我希望这是你正在寻找的答案,或者至少有助于指出你正确的方向,基于提供的实际代码(由于显而易见的原因,很多东西都缺失了),并且有一个parsed_buf,buf似乎模仿解析和parsed_arguments,但那些也存在于代码中,如果我完全理解你想要做什么,我不是百分之百确定。

Caveats

execvp(...)'s documentation states that by convention, the first element of the arguments should be the file name (I see that you already know this), but nonetheless, make sure the program name is the first element--either have your file's content have the program name first, or just start from the second element.

execvp(...)的文件指出,按照惯例,自变量的第一要素应该是文件名(我看你已经知道这一点),但尽管如此,确保程序的名称是第一要素 - 无论是有你的文件的内容先有程序的名称,或从第二元件刚开始。

execvp(...) also states that the last argument should be a NULL pointer. You can ensure this by a call to memset(parsed_arguments, 0, sizeof(parsed_arguments)); and ensuring the file never specifies more than 64 arguments.

execvp(...)还声明最后一个参数应该是NULL指针。您可以通过调用memset(parsed_arguments,0,sizeof(parsed_arguments))来确保这一点;并确保文件永远不会指定超过64个参数。

http://linux.die.net/man/3/execvp

Lastly, (possibly nit-picking), while (pointer) works on the premise that NULL == 0 (in most cases, it is (void *) 0 AFAIK), I don't know how important it is to you, but if you ever run into an implementation where NULL is not defined as 0, it might cause some issues.
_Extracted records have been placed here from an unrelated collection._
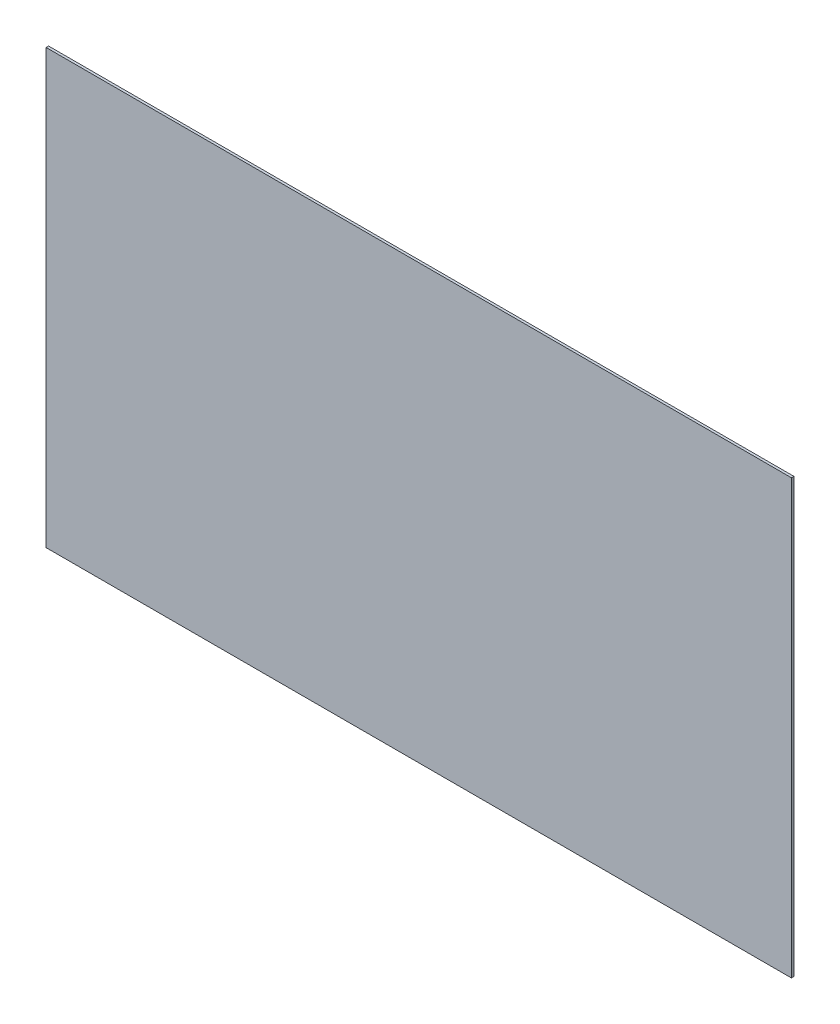
SolidWorks part; units mm, degrees
ref_plane "Alzado" through (0, 0, 0) normal (0, 0, 1) x (1, 0, 0)
ref_plane "Planta" through (0, 0, 0) normal (0, 1, 0) x (1, 0, 0)
ref_plane "Vista lateral" through (0, 0, 0) normal (1, 0, 0) x (0, 0, -1)
sketch "Sketch1" plane through (0, 0, 0) normal (0, 0, 1) x (1, 0, 0)
  line L1 (-600.5, -349) -> (600.5, -349)
  line L2 (-600.5, -349) -> (-600.5, 349)
  line L3 (-600.5, 349) -> (600.5, 349)
  line L4 (600.5, -349) -> (600.5, 349)
  line L5 (-600.5, -349) -> (600.5, 349) construction
  line L6 (-600.5, 349) -> (600.5, -349) construction
  point P0 (0, 0)
  dimension "D1" = 698
  dimension "D2" = 1201
extrude "Boss-Extrude1" add sketch "Sketch1" along normal blind 4
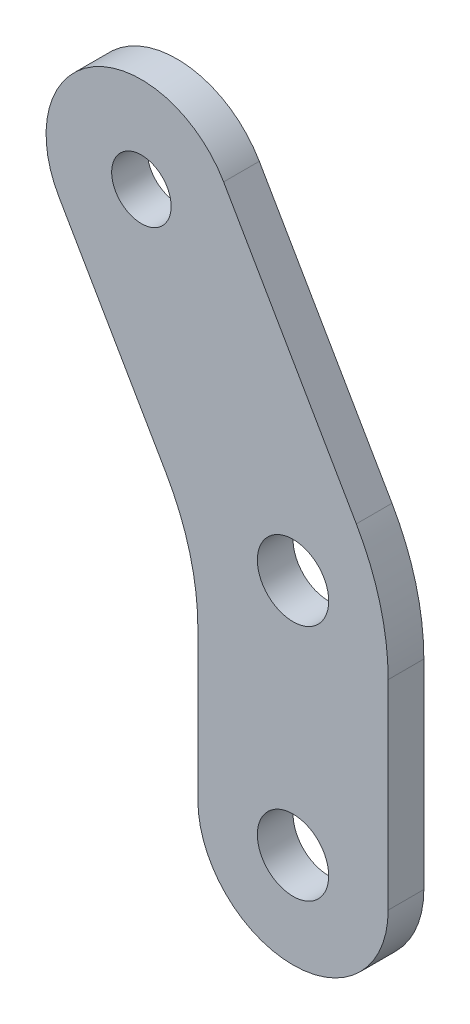
SolidWorks part; units mm, degrees
material "5052-H32"
ref_plane "Front Plane" through (0, 0, 0) normal (0, 0, 1) x (1, 0, 0)
ref_plane "Top Plane" through (0, 0, 0) normal (0, 1, 0) x (1, 0, 0)
ref_plane "Right Plane" through (0, 0, 0) normal (1, 0, 0) x (0, 0, -1)
sketch "Sketch1" plane through (0, 0, 0) normal (0, 0, 1) x (1, 0, 0)
  line L0 (-8, 0) -> (-8, 17.8564)
  line L1 (-8, 17.8564) -> (-19.6922, 38.108)
  line L2 (-19.6922, 38.108) -> (-5.8358, 46.108) construction
  line L3 (-5.8358, 46.108) -> (8, 22.1436)
  line L4 (8, 0) -> (8, 22.1436)
  line L5 (0, 0) -> (0, 20) construction
  line L6 (-8, 17.8564) -> (8, 17.8564) construction
  line L7 (0, 20) -> (-12.764, 42.108) construction
  circle A0 centre (0, 0) radius 3
  arc A1 (-8, 0) -> (8, 0) centre (0, 0) ccw
  arc A2 (-5.8358, 46.108) -> (-19.6922, 38.108) centre (-12.764, 42.108) ccw
  circle A4 centre (0, 20) radius 3
  circle A5 centre (0, 0) radius 44 construction
  circle A6 centre (-12.7498, 42.1123) radius 2.5
  point P16 (-12.5, 41.6506)
  point P17 (-11.7565, 40.3628)
  point P18 (0, 0)
  point P19 (-11.4082, 39.7597)
  point P20 (0, 0)
  dimension "D1" = 6
  dimension "D2" = 8
  dimension "D3" = 16
  dimension "D5" = 20
  dimension "D7" = 6
  dimension "D11" = 88
  dimension "D8" = 5
  dimension "D4" = 30
  dimension "D6" = 30
extrude "Boss-Extrude1" add sketch "Sketch1" along normal blind 3
fillet "Fillet1" radius 20 2 edges at (-8, 17.8564, 1.5) (8, 22.1436, 1.5)
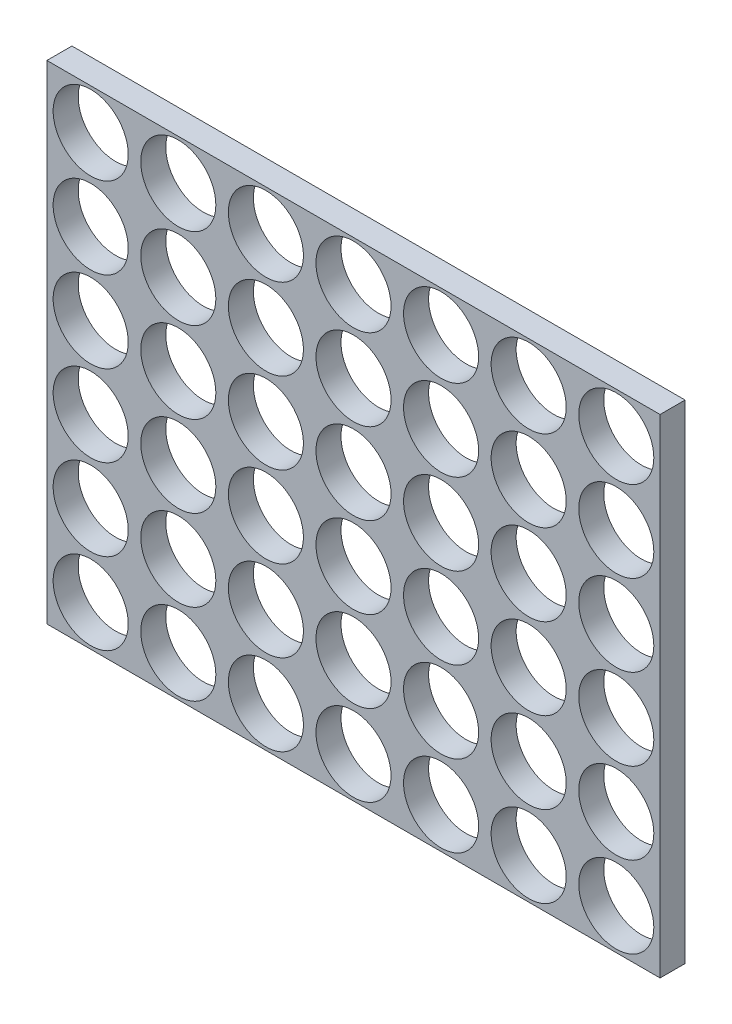
SolidWorks part; units mm, degrees
ref_plane "Ebene vorne" through (0, 0, 0) normal (0, 0, 1) x (1, 0, 0)
ref_plane "Ebene oben" through (0, 0, 0) normal (0, 1, 0) x (1, 0, 0)
ref_plane "Ebene rechts" through (0, 0, 0) normal (1, 0, 0) x (0, 0, -1)
sketch "Sketch1" plane through (0, 0, 0) normal (0, 0, 1) x (1, 0, 0)
  line L1 (122.5, 97.5) -> (-122.5, 97.5)
  line L2 (122.5, 97.5) -> (122.5, -97.5)
  line L3 (122.5, -97.5) -> (-122.5, -97.5)
  line L4 (-122.5, 97.5) -> (-122.5, -97.5)
  line L5 (122.5, 97.5) -> (-122.5, -97.5) construction
  line L6 (122.5, -97.5) -> (-122.5, 97.5) construction
  circle A0 centre (-105, 81.25) radius 15
  circle A1 centre (-70, 81.25) radius 15
  circle A2 centre (-35, 81.25) radius 15
  circle A3 centre (0, 81.25) radius 15
  circle A4 centre (35, 81.25) radius 15
  circle A5 centre (70, 81.25) radius 15
  circle A6 centre (105, 81.25) radius 15
  circle A7 centre (-70, 48.75) radius 15
  circle A8 centre (-35, 48.75) radius 15
  circle A9 centre (0, 48.75) radius 15
  circle A10 centre (35, 48.75) radius 15
  circle A11 centre (70, 48.75) radius 15
  circle A12 centre (105, 48.75) radius 15
  circle A13 centre (-70, 16.25) radius 15
  circle A14 centre (-35, 16.25) radius 15
  circle A15 centre (0, 16.25) radius 15
  circle A16 centre (35, 16.25) radius 15
  circle A17 centre (70, 16.25) radius 15
  circle A18 centre (105, 16.25) radius 15
  circle A19 centre (-70, -16.25) radius 15
  circle A20 centre (-35, -16.25) radius 15
  circle A21 centre (0, -16.25) radius 15
  circle A22 centre (35, -16.25) radius 15
  circle A23 centre (70, -16.25) radius 15
  circle A24 centre (105, -16.25) radius 15
  circle A25 centre (-70, -48.75) radius 15
  circle A26 centre (-35, -48.75) radius 15
  circle A27 centre (0, -48.75) radius 15
  circle A28 centre (35, -48.75) radius 15
  circle A29 centre (70, -48.75) radius 15
  circle A30 centre (105, -48.75) radius 15
  circle A31 centre (-70, -81.25) radius 15
  circle A32 centre (-35, -81.25) radius 15
  circle A33 centre (0, -81.25) radius 15
  circle A34 centre (35, -81.25) radius 15
  circle A35 centre (70, -81.25) radius 15
  circle A36 centre (105, -81.25) radius 15
  circle A37 centre (-105, 48.75) radius 15
  circle A38 centre (-105, 16.25) radius 15
  circle A39 centre (-105, -16.25) radius 15
  circle A40 centre (-105, -48.75) radius 15
  circle A41 centre (-105, -81.25) radius 15
  point P0 (0, 0)
  point P8 (0, 0)
  point P9 (0, 0)
  dimension "D3" = 30
  dimension "D4" = 17.5
  dimension "D5" = 16.25
  dimension "D8" = 32.5
  dimension "D9" = 35
  dimension "D1" = 245
  dimension "D2" = 195
  dimension "D6" = 7
  dimension "D7" = 6
extrude "Boss-Extrude1" add sketch "Sketch1" along normal blind 10

So, it would be safer to write while ((*parsed++ = strtok(NULL, SEPARATORS)) != NULL). My two cents anyway.

最后,(可能是挑选),而(指针)工作的前提是NULL == 0(在大多数情况下,它是(void *)0 AFAIK),我不知道它对你有多重要,但是如果您遇到NULL未定义为0的实现,则可能会导致一些问题。因此,写while((* * parsed ++ = strtok(NULL,SEPARATORS))!= NULL)会更安全。反正我的两分钱。